▶ Exercise prompt
Here is the task for the records below: repeat exactly the lines from the one with "Q1, Q4, Q7: MOSFET-PCHANNELDPAKK; DPAK" to the one with "PHASE_A: JP4.3, Q1.4 (S), Q2.4 (D), R7.2", both included, and nothing else.
═════ Dataset ═════
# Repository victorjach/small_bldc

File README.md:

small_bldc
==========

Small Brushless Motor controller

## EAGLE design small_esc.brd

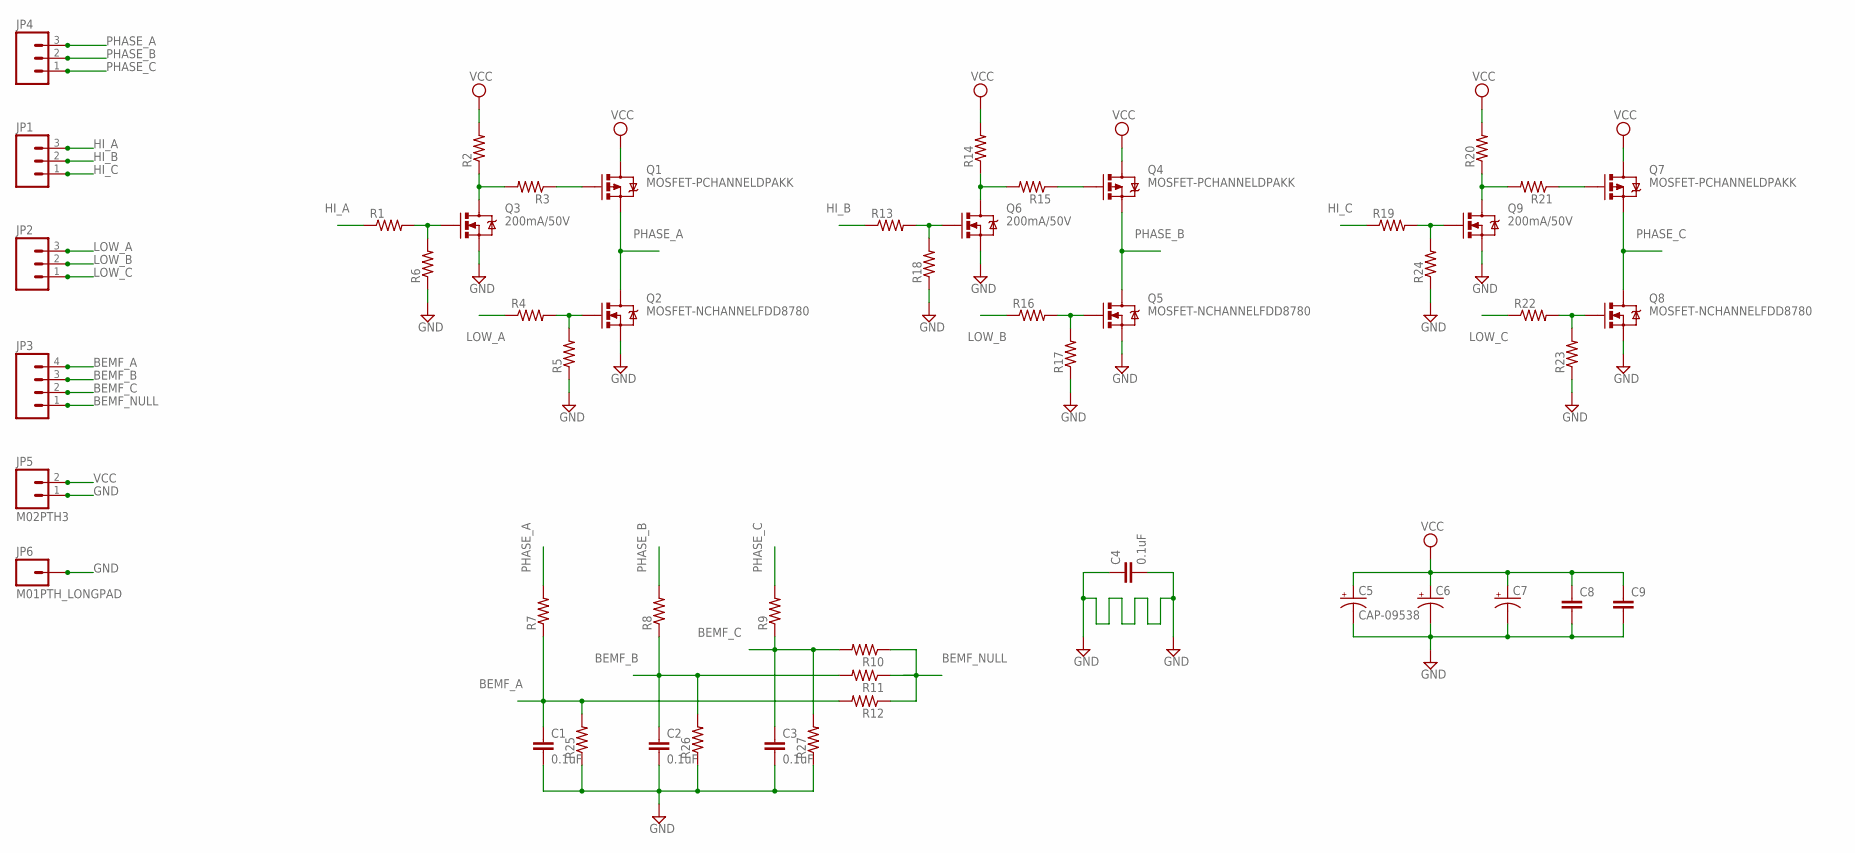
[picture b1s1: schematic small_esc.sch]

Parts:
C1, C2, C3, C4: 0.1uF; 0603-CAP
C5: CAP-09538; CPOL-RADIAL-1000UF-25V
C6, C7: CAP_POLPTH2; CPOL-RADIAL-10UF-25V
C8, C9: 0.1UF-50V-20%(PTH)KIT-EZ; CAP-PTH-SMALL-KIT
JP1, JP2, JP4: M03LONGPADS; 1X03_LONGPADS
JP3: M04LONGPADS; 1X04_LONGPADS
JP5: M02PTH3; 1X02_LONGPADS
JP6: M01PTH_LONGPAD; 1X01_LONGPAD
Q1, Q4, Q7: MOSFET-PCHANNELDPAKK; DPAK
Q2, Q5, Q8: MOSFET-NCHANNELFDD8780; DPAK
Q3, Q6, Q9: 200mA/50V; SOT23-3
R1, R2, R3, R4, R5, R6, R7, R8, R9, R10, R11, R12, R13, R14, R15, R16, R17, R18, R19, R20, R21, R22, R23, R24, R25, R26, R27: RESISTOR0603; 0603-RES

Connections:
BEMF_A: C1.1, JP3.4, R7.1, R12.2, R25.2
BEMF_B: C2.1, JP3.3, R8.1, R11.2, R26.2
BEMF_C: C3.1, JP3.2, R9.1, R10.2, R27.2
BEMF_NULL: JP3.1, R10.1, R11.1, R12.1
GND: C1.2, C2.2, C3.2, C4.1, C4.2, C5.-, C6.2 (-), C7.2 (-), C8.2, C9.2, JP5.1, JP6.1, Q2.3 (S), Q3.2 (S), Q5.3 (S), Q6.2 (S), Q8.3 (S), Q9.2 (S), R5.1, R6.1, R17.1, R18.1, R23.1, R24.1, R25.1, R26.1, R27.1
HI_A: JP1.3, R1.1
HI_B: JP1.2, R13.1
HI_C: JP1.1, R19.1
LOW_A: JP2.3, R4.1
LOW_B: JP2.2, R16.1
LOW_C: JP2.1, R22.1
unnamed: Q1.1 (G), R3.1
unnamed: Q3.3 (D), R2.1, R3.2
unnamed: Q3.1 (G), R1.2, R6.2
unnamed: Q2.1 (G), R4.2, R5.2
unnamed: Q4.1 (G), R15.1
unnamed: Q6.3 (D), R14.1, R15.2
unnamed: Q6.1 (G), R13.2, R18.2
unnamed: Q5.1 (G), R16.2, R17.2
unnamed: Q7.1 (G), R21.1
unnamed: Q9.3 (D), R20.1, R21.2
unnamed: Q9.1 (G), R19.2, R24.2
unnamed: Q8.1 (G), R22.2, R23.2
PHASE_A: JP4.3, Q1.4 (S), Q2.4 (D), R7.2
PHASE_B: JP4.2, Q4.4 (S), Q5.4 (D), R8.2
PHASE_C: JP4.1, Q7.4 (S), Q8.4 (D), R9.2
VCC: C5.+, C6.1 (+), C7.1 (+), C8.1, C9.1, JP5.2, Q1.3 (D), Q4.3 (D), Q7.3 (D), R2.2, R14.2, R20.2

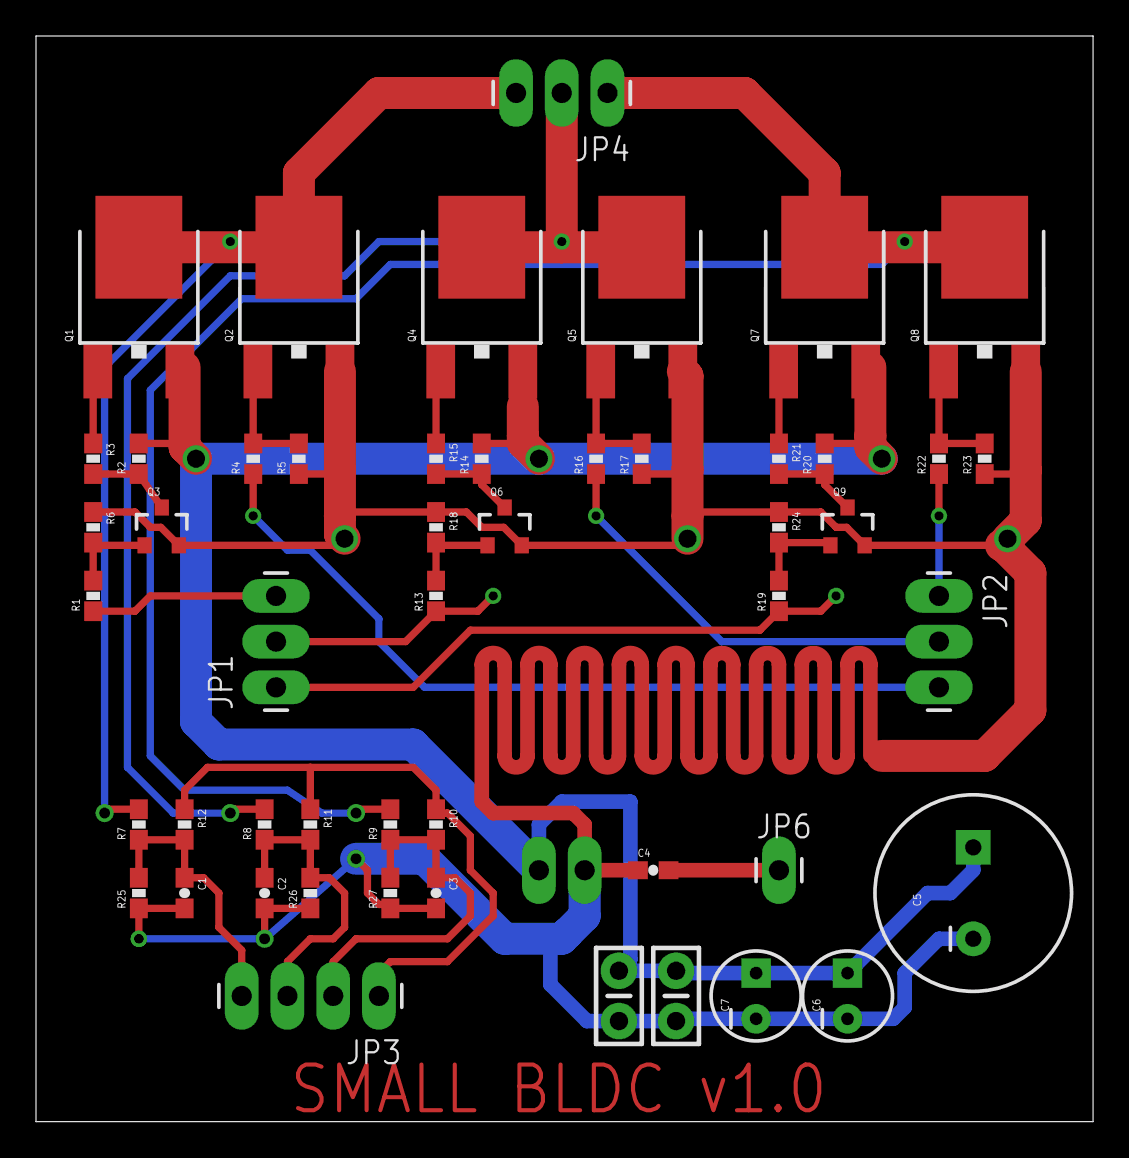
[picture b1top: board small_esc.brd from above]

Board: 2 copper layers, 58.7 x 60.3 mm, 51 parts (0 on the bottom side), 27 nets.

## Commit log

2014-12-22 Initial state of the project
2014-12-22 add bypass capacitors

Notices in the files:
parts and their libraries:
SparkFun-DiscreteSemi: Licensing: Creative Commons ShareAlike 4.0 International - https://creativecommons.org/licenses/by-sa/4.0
═════
▶ The completed task
Q1, Q4, Q7: MOSFET-PCHANNELDPAKK; DPAK
Q2, Q5, Q8: MOSFET-NCHANNELFDD8780; DPAK
Q3, Q6, Q9: 200mA/50V; SOT23-3
R1, R2, R3, R4, R5, R6, R7, R8, R9, R10, R11, R12, R13, R14, R15, R16, R17, R18, R19, R20, R21, R22, R23, R24, R25, R26, R27: RESISTOR0603; 0603-RES

Connections:
BEMF_A: C1.1, JP3.4, R7.1, R12.2, R25.2
BEMF_B: C2.1, JP3.3, R8.1, R11.2, R26.2
BEMF_C: C3.1, JP3.2, R9.1, R10.2, R27.2
BEMF_NULL: JP3.1, R10.1, R11.1, R12.1
GND: C1.2, C2.2, C3.2, C4.1, C4.2, C5.-, C6.2 (-), C7.2 (-), C8.2, C9.2, JP5.1, JP6.1, Q2.3 (S), Q3.2 (S), Q5.3 (S), Q6.2 (S), Q8.3 (S), Q9.2 (S), R5.1, R6.1, R17.1, R18.1, R23.1, R24.1, R25.1, R26.1, R27.1
HI_A: JP1.3, R1.1
HI_B: JP1.2, R13.1
HI_C: JP1.1, R19.1
LOW_A: JP2.3, R4.1
LOW_B: JP2.2, R16.1
LOW_C: JP2.1, R22.1
unnamed: Q1.1 (G), R3.1
unnamed: Q3.3 (D), R2.1, R3.2
unnamed: Q3.1 (G), R1.2, R6.2
unnamed: Q2.1 (G), R4.2, R5.2
unnamed: Q4.1 (G), R15.1
unnamed: Q6.3 (D), R14.1, R15.2
unnamed: Q6.1 (G), R13.2, R18.2
unnamed: Q5.1 (G), R16.2, R17.2
unnamed: Q7.1 (G), R21.1
unnamed: Q9.3 (D), R20.1, R21.2
unnamed: Q9.1 (G), R19.2, R24.2
unnamed: Q8.1 (G), R22.2, R23.2
PHASE_A: JP4.3, Q1.4 (S), Q2.4 (D), R7.2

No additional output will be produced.